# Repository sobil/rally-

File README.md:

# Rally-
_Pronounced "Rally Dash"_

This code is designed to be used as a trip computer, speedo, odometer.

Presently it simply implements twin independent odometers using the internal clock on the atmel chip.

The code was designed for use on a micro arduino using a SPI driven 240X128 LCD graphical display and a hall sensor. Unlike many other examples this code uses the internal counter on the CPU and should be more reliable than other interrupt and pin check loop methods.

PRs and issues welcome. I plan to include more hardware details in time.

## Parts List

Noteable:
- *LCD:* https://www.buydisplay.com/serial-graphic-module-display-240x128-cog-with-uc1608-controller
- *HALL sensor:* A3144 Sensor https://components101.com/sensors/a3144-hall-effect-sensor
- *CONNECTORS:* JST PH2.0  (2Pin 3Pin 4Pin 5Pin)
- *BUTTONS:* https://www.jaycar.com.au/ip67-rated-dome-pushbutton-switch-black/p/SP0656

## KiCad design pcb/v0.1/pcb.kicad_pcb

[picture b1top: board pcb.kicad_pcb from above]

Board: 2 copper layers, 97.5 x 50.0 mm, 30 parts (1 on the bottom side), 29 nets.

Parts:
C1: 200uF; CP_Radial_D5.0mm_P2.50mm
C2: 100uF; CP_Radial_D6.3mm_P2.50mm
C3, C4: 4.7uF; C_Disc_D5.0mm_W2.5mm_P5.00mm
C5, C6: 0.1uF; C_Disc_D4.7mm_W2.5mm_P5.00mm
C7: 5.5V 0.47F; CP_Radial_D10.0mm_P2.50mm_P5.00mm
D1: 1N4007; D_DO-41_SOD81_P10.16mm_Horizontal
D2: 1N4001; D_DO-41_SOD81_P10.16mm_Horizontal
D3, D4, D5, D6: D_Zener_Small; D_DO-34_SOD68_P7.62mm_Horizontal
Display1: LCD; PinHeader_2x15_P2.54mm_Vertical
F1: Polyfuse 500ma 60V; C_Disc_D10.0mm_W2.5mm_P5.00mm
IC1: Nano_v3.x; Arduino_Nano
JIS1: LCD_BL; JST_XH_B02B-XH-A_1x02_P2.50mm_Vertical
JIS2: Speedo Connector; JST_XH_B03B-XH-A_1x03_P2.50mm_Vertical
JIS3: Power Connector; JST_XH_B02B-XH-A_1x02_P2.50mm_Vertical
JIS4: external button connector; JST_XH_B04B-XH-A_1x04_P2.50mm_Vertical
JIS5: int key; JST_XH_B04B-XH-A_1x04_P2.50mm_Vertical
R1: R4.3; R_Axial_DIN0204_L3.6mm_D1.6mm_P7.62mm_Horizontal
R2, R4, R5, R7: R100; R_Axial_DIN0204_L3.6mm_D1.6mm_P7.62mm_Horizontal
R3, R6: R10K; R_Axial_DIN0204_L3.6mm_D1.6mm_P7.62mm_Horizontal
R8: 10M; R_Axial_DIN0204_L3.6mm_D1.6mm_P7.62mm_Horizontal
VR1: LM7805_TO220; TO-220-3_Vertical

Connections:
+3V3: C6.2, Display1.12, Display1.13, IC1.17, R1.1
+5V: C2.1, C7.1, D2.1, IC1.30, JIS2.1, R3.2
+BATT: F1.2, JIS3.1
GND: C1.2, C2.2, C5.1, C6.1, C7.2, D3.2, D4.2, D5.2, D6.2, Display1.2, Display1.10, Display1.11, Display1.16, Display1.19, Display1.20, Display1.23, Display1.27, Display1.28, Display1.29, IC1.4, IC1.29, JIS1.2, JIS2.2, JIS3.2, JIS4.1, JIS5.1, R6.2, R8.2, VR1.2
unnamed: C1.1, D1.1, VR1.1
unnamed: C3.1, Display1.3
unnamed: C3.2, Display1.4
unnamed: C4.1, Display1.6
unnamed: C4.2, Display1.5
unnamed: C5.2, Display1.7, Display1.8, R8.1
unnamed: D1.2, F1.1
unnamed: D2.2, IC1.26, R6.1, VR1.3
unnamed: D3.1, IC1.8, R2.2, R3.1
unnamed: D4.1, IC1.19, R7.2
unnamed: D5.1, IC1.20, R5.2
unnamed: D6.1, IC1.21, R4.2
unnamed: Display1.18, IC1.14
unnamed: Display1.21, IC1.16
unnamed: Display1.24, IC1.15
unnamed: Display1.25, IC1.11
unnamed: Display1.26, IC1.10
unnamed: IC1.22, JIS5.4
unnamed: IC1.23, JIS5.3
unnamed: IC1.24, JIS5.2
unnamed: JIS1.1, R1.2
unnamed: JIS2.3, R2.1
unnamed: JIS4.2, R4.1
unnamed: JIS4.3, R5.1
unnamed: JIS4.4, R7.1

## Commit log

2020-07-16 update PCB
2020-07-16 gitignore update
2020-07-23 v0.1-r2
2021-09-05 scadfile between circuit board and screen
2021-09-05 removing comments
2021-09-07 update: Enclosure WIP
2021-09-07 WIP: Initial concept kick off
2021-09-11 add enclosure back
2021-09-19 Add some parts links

-*-

*Exercise brief*
Where a line in the data contains the string "hall", add it to your count, and give only the final number.

*Answer below*
2